Balkan J Med Genet. 2024 Sep 6;27(1):15-19. doi: 10.2478/bjmg-2024-0003. eCollection 2024 Jun.
Chronic lymphocytic leukemia (CLL) is the most common leukemia in adults. One of the best established CLL prognostic markers is the somatic hypermutational status of the gene which is a part of the immunoglobulin heavy chain variable region. Technology for IGHV genotyping has been optimized and has been applied in routine diagnostics for the first time in Bulgaria. A total of 105 patients with CLL from different Bulgarian regions were tested. IGHV mutational status was determined by Sanger sequencing on total genomic DNA (gDNA) or RNA extracted from mononuclear cells. All sequencing profiles were analyzed with the IMGT/V-QUEST tool. Within the course of the analysis a high percentage of IGHV unmutated status was established in the Varna district on the Black Sea (Northeast Bulgaria). In addition, the IGHV genotyping performed on gDNA revealed a rare case with multiple rearrangements. The present data from IGHV genotyping will help in choosing the proper treatment for the benefit of Bulgarian CLL patients.

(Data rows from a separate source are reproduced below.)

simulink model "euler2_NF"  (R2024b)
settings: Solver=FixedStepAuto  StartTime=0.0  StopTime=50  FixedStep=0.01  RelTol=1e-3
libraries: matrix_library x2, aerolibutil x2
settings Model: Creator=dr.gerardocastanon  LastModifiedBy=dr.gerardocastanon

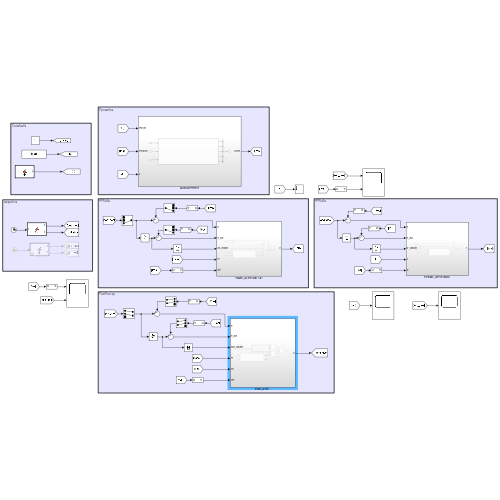
[thumbnail: Simulink's stored preview of the top-level diagram]
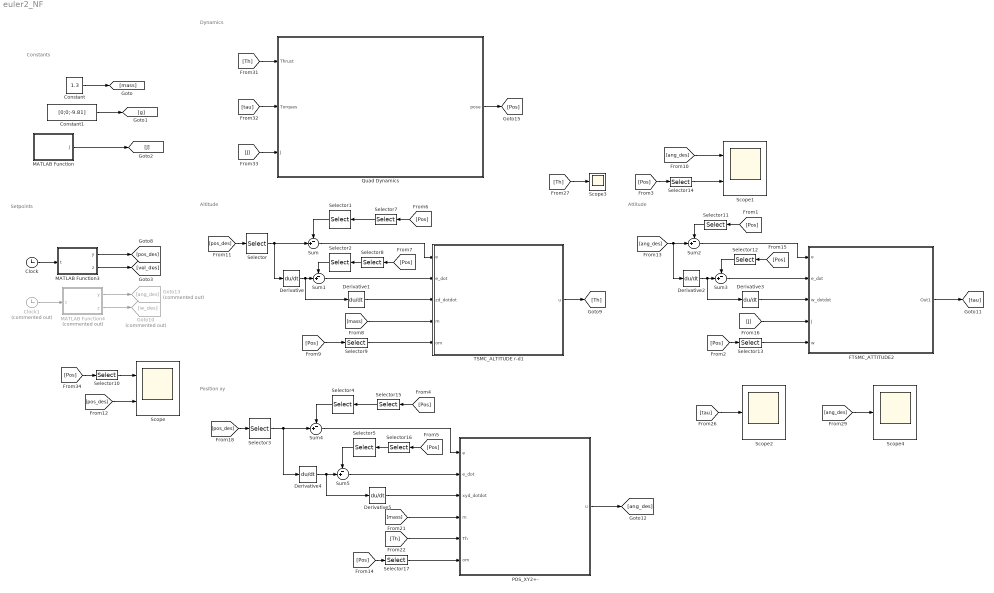
== system euler2_NF ==
  note: Constants
  note: Altitude
  note: Position xy
  note: Attitude
  note: Setpoints
  note: Dynamics
  Clock : Clock
  Clock1 : Clock  Commented=on
  Constant : Constant  Value=1.3
  Constant1 : Constant  Value=[0;0;-9.81]
  Derivative{,1..5} (6 alike) : Derivative
  FTSMC_ATTITUDE2 : Subsystem
  Goto10 : Goto  Commented=on  GotoTag=w_des
  Goto13 : Goto  Commented=on  GotoTag=ang_des
  MATLAB Function : MATLAB Function  TreatAsAtomicUnit=on
  MATLAB Function3 : MATLAB Function  TreatAsAtomicUnit=on
  MATLAB Function4 : MATLAB Function  Commented=on  TreatAsAtomicUnit=on
  POS_XY2+- : Subsystem
  Quad Dynamics : Subsystem
  Scope : Scope  NumInputPorts=2
  Scope1 : Scope  NumInputPorts=2
  Scope2 : Scope
  Scope3 : Scope
  Scope4 : Scope
  Selector : Selector  InputPortWidth=3  IndexOptions=Index vector (dialog)  Indices=[3]  OutputSizes=1
  Selector1 : Selector  InputPortWidth=3  IndexOptions=Index vector (dialog)  Indices=[3]  OutputSizes=1
  Selector10 : Selector  InputPortWidth=15  IndexOptions=Starting index (dialog)  Indices=[1]  OutputSizes=3
  Selector11 : Selector  InputPortWidth=15  IndexOptions=Starting index (dialog)  Indices=[10]  OutputSizes=3
  Selector12 : Selector  InputPortWidth=15  IndexOptions=Starting index (dialog)  Indices=[13]  OutputSizes=3
  Selector13 : Selector  InputPortWidth=15  IndexOptions=Starting index (dialog)  Indices=[13]  OutputSizes=3
  Selector14 : Selector  InputPortWidth=15  IndexOptions=Starting index (dialog)  Indices=[10]  OutputSizes=3
  Selector15 : Selector  InputPortWidth=15  IndexOptions=Starting index (dialog)  Indices=[1]  OutputSizes=3
  Selector16 : Selector  InputPortWidth=15  IndexOptions=Starting index (dialog)  Indices=[4]  OutputSizes=3
  Selector17 : Selector  InputPortWidth=15  IndexOptions=Starting index (dialog)  Indices=[13]  OutputSizes=3
  Selector2 : Selector  InputPortWidth=3  IndexOptions=Index vector (dialog)  Indices=[3]  OutputSizes=1
  Selector3 : Selector  InputPortWidth=3  IndexOptions=Index vector (dialog)  Indices=[1 2]  OutputSizes=1
  Selector4 : Selector  InputPortWidth=3  IndexOptions=Index vector (dialog)  Indices=[1 2]  OutputSizes=1
  Selector5 : Selector  InputPortWidth=3  IndexOptions=Index vector (dialog)  Indices=[1 2]  OutputSizes=1
  Selector7 : Selector  InputPortWidth=15  IndexOptions=Starting index (dialog)  Indices=[1]  OutputSizes=3
  Selector8 : Selector  InputPortWidth=15  IndexOptions=Starting index (dialog)  Indices=[4]  OutputSizes=3
  Selector9 : Selector  InputPortWidth=15  IndexOptions=Starting index (dialog)  Indices=[10]  OutputSizes=3
  Sum{,1..5} (6 alike) : Sum  Inputs=-+|
  TSMC_ALTITUDE r-d1 : Subsystem
  wires:
  Constant1/1 -> [g]
  Constant/1 -> [mass]
  MATLAB Function/1(J) -> [J]
  TSMC_ALTITUDE r-d1/1(u) -> [Th]
  Sum/1 -> TSMC_ALTITUDE r-d1/1(e)
  Sum1/1 -> TSMC_ALTITUDE r-d1/2(e_dot)
  Derivative1/1 -> TSMC_ALTITUDE r-d1/3(zd_dotdot)
  [mass] -> TSMC_ALTITUDE r-d1/4(m)
  [Pos] -> Selector9/1
  Selector1/1 -> Sum/1
  [Pos] -> Selector8/1
  Selector2/1 -> Sum1/1
  Selector10/1 -> Scope/1
  Clock/1 -> MATLAB Function3/1(t)
  MATLAB Function3/1(y) -> [pos_des]
  Selector/1 -> Derivative/1, Sum/2
  [pos_des] -> Scope/2
  [pos_des] -> Selector/1
  [ang_des] -> Derivative2/1, Sum2/2
  Selector11/1 -> Sum2/1
  Sum2/1 -> FTSMC_ATTITUDE2/1(e)
  Sum3/1 -> FTSMC_ATTITUDE2/2(e_dot)
  Derivative3/1 -> FTSMC_ATTITUDE2/3(w_dotdot)
  [J] -> FTSMC_ATTITUDE2/4(J)
  FTSMC_ATTITUDE2/1(Out1) -> [tau]
  Selector13/1 -> FTSMC_ATTITUDE2/5(w)
  Selector4/1 -> Sum4/1
  [pos_des] -> Selector3/1
  Selector3/1 -> Sum4/2, Derivative4/1
  Derivative4/1 -> Derivative5/1, Sum5/2
  Selector5/1 -> Sum5/1
  Selector15/1 -> Selector4/1
  Sum5/1 -> POS_XY2+-/2(e_dot)
  Sum4/1 -> POS_XY2+-/1(e)
  [mass] -> POS_XY2+-/4(m)
  [Th] -> POS_XY2+-/5(Th)
  MATLAB Function4/1(y) -> Goto13/1
  Clock1/1 -> MATLAB Function4/1(t)
  [ang_des] -> Scope1/1
  Selector14/1 -> Scope1/2
  [Th] -> Scope3/1
  Selector17/1 -> POS_XY2+-/6(om)
  [ang_des] -> Scope4/1
  POS_XY2+-/1(u) -> [ang_des]
  MATLAB Function3/2(z) -> [vel_des]
  MATLAB Function4/2(z) -> Goto10/1
  Derivative5/1 -> POS_XY2+-/3(xyd_dotdot)
  Derivative2/1 -> Sum3/2, Derivative3/1
  [tau] -> Scope2/1
  Derivative/1 -> Derivative1/1, Sum1/2
  Quad Dynamics/1(pose) -> [Pos]
  [Pos] -> Selector7/1
  Selector7/1 -> Selector1/1
  Selector8/1 -> Selector2/1
  [tau] -> Quad Dynamics/2(Torques)
  [Th] -> Quad Dynamics/1(Thrust)
  [J] -> Quad Dynamics/3(J)
  Selector9/1 -> TSMC_ALTITUDE r-d1/5(om)
  [Pos] -> Selector10/1
  [Pos] -> Selector11/1
  Selector12/1 -> Sum3/1
  [Pos] -> Selector12/1
  [Pos] -> Selector13/1
  [Pos] -> Selector14/1
  [Pos] -> Selector15/1
  [Pos] -> Selector16/1
  Selector16/1 -> Selector5/1
  [Pos] -> Selector17/1

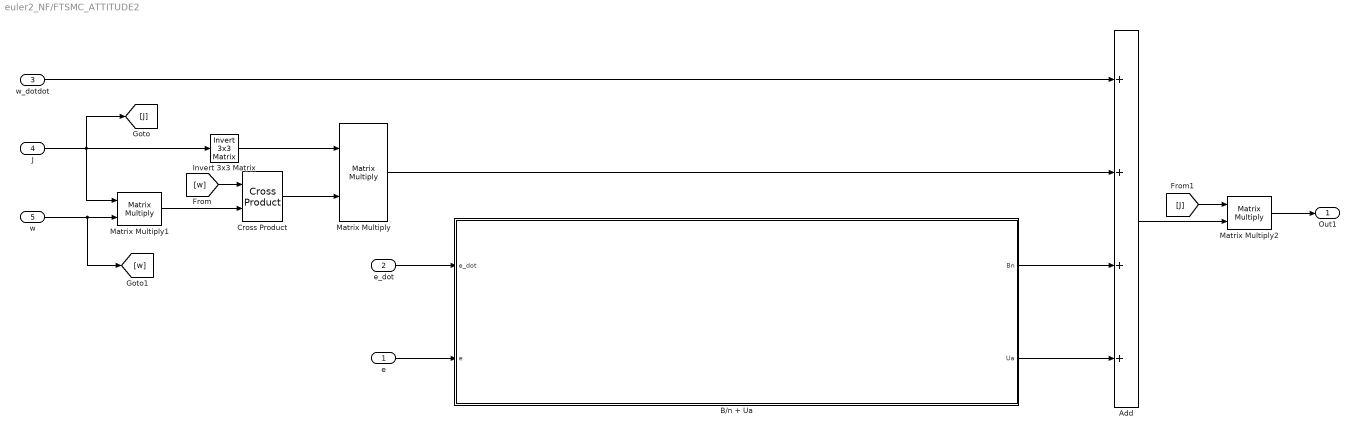
== system euler2_NF/FTSMC_ATTITUDE2 ==
  e : Inport
  e_dot : Inport  Port=2
  w_dotdot : Inport  Port=3
  J : Inport  Port=4
  w : Inport  Port=5
  Add : Sum  Inputs=++++
  B/n + Ua : Subsystem
  Cross Product : matrix_library/Cross Product
  Invert 3x3 Matrix : aerolibutil/Invert  3x3 Matrix
  Matrix Multiply : Product  Multiplication=Matrix(*)
  Matrix Multiply1 : Product  Multiplication=Matrix(*)
  Matrix Multiply2 : Product  Multiplication=Matrix(*)
  Out1 : Outport
  wires:
  J/1 -> [J], Matrix Multiply1/1, Invert 3x3 Matrix/1
  Invert 3x3 Matrix/1 -> Matrix Multiply/1
  Cross Product/1 -> Matrix Multiply/2
  Matrix Multiply1/1 -> Cross Product/2
  w/1 -> [w], Matrix Multiply1/2
  [w] -> Cross Product/1
  w_dotdot/1 -> Add/1
  Matrix Multiply/1 -> Add/2
  Add/1 -> Matrix Multiply2/2
  Matrix Multiply2/1 -> Out1/1
  [J] -> Matrix Multiply2/1
  B/n + Ua/1(Bn) -> Add/3
  B/n + Ua/2(Ua) -> Add/4
  e_dot/1 -> B/n + Ua/1(e_dot)
  e/1 -> B/n + Ua/2(e)

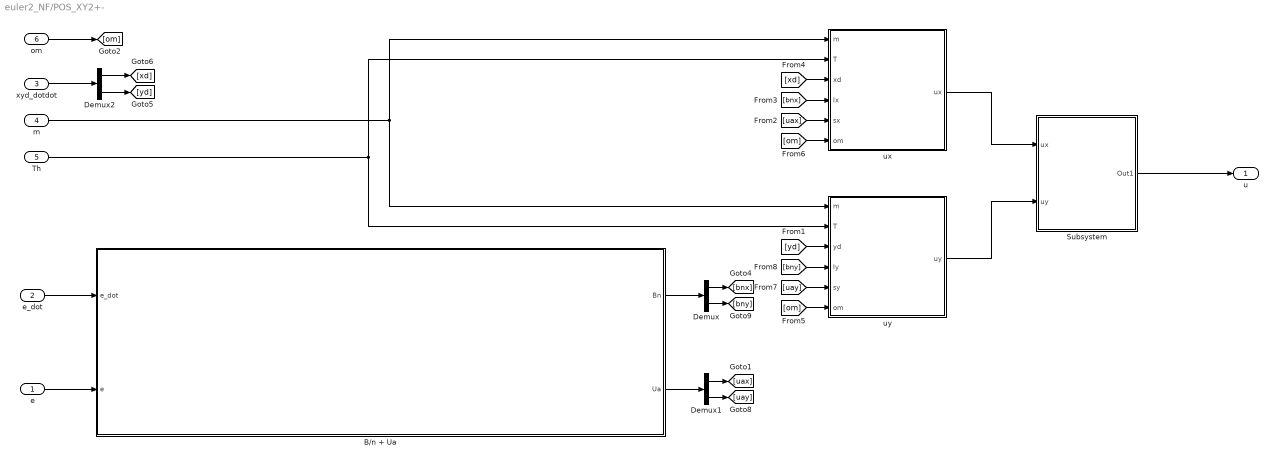
== system euler2_NF/POS_XY2+- ==
  e : Inport
  e_dot : Inport  Port=2
  xyd_dotdot : Inport  Port=3
  m : Inport  Port=4
  Th : Inport  Port=5
  om : Inport  Port=6
  B/n + Ua : Subsystem
  Demux : Demux  Outputs=2
  Demux1 : Demux  Outputs=2
  Demux2 : Demux  Outputs=2
  Subsystem : Subsystem
  ux : Subsystem
  uy : Subsystem
  u : Outport
  wires:
  Demux1/1 -> [uax]
  Demux/1 -> [bnx]
  xyd_dotdot/1 -> Demux2/1
  Demux2/1 -> [xd]
  Demux2/2 -> [yd]
  m/1 -> ux/1(m), uy/1(m)
  [yd] -> uy/3(yd)
  [uax] -> ux/5(sx)
  [bnx] -> ux/4(lx)
  [xd] -> ux/3(xd)
  om/1 -> [om]
  [om] -> uy/6(om)
  [om] -> ux/6(om)
  Subsystem/1(Out1) -> u/1
  ux/1(ux) -> Subsystem/1(ux)
  uy/1(uy) -> Subsystem/2(uy)
  Th/1 -> ux/2(T), uy/2(T)
  Demux1/2 -> [uay]
  [uay] -> uy/5(sy)
  Demux/2 -> [bny]
  [bny] -> uy/4(ly)
  e_dot/1 -> B/n + Ua/1(e_dot)
  e/1 -> B/n + Ua/2(e)
  B/n + Ua/2(Ua) -> Demux1/1
  B/n + Ua/1(Bn) -> Demux/1

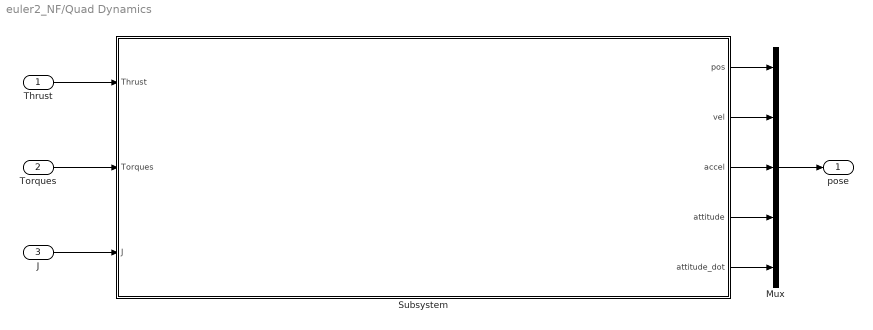
== system euler2_NF/Quad Dynamics ==
  Thrust : Inport
  Torques : Inport  Port=2
  J : Inport  Port=3
  Mux : Mux  Inputs=5
  Subsystem : Subsystem
  pose : Outport
  wires:
  Subsystem/1(pos) -> Mux/1
  Subsystem/2(vel) -> Mux/2
  Subsystem/3(accel) -> Mux/3
  Subsystem/4(attitude) -> Mux/4
  Subsystem/5(attitude_dot) -> Mux/5
  Thrust/1 -> Subsystem/1(Thrust)
  Torques/1 -> Subsystem/2(Torques)
  Mux/1 -> pose/1
  J/1 -> Subsystem/3(J)

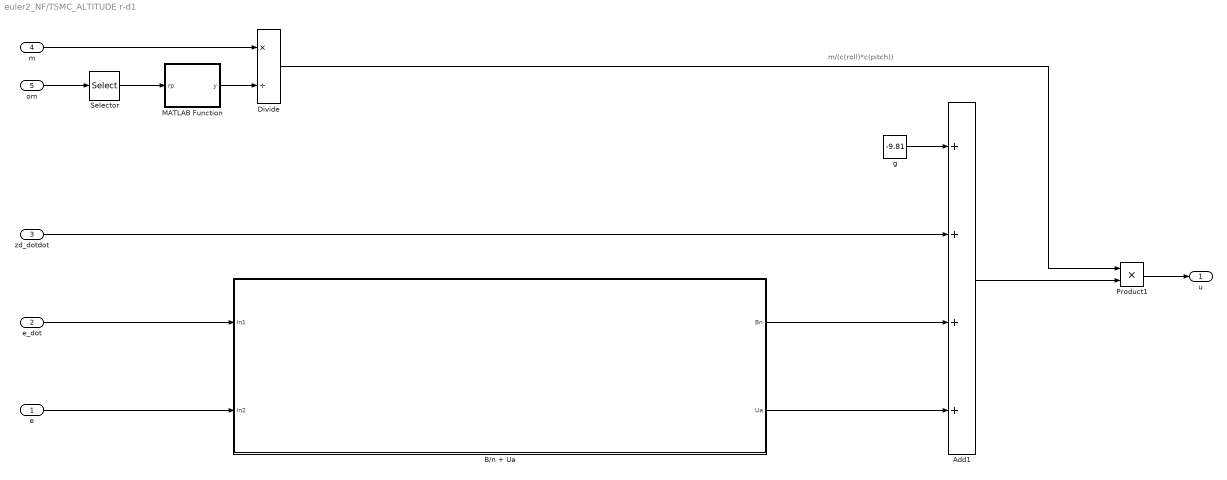
== system euler2_NF/TSMC_ALTITUDE r-d1 ==
  note: m/(c(roll)*c(pitch))
  e : Inport
  e_dot : Inport  Port=2
  zd_dotdot : Inport  Port=3
  m : Inport  Port=4
  om : Inport  Port=5
  Add1 : Sum  Inputs=++++
  B/n + Ua : Subsystem
  Divide : Product  Inputs=*/
  MATLAB Function : MATLAB Function  TreatAsAtomicUnit=on
  Product1 : Product
  Selector : Selector  InputPortWidth=3  IndexOptions=Index vector (dialog)  Indices=[1 2]  OutputSizes=1
  g : Constant  Value=-9.81
  u : Outport
  wires:
  Selector/1 -> MATLAB Function/1(rp)
  MATLAB Function/1(y) -> Divide/2
  m/1 -> Divide/1
  g/1 -> Add1/1
  Divide/1 -> Product1/1
  om/1 -> Selector/1
  Product1/1 -> u/1
  zd_dotdot/1 -> Add1/2
  Add1/1 -> Product1/2
  e_dot/1 -> B/n + Ua/1(In1)
  e/1 -> B/n + Ua/2(In2)
  B/n + Ua/1(Bn) -> Add1/3
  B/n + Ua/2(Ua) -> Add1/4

慢性淋巴细胞白血病(CLL)是成人中最常见的白血病。已确立的CLL最佳预后标志物之一是基因的体细胞高突变状态,该基因是免疫球蛋白重链可变区的一部分。IGHV基因分型技术已得到优化,并首次在保加利亚应用于常规诊断。对来自保加利亚不同地区的105例CLL患者进行了检测。通过对从单核细胞中提取的全基因组DNA(gDNA)或RNA进行桑格测序来确定IGHV突变状态。所有测序图谱均使用IMGT/V-QUEST工具进行分析。在分析过程中,在黑海沿岸的瓦尔纳地区(保加利亚东北部)发现IGHV未突变状态的比例很高。此外,对gDNA进行的IGHV基因分型发现了1例罕见的多重重排病例。来自IGHV基因分型的当前数据将有助于为保加利亚CLL患者选择合适的治疗方法以使其受益。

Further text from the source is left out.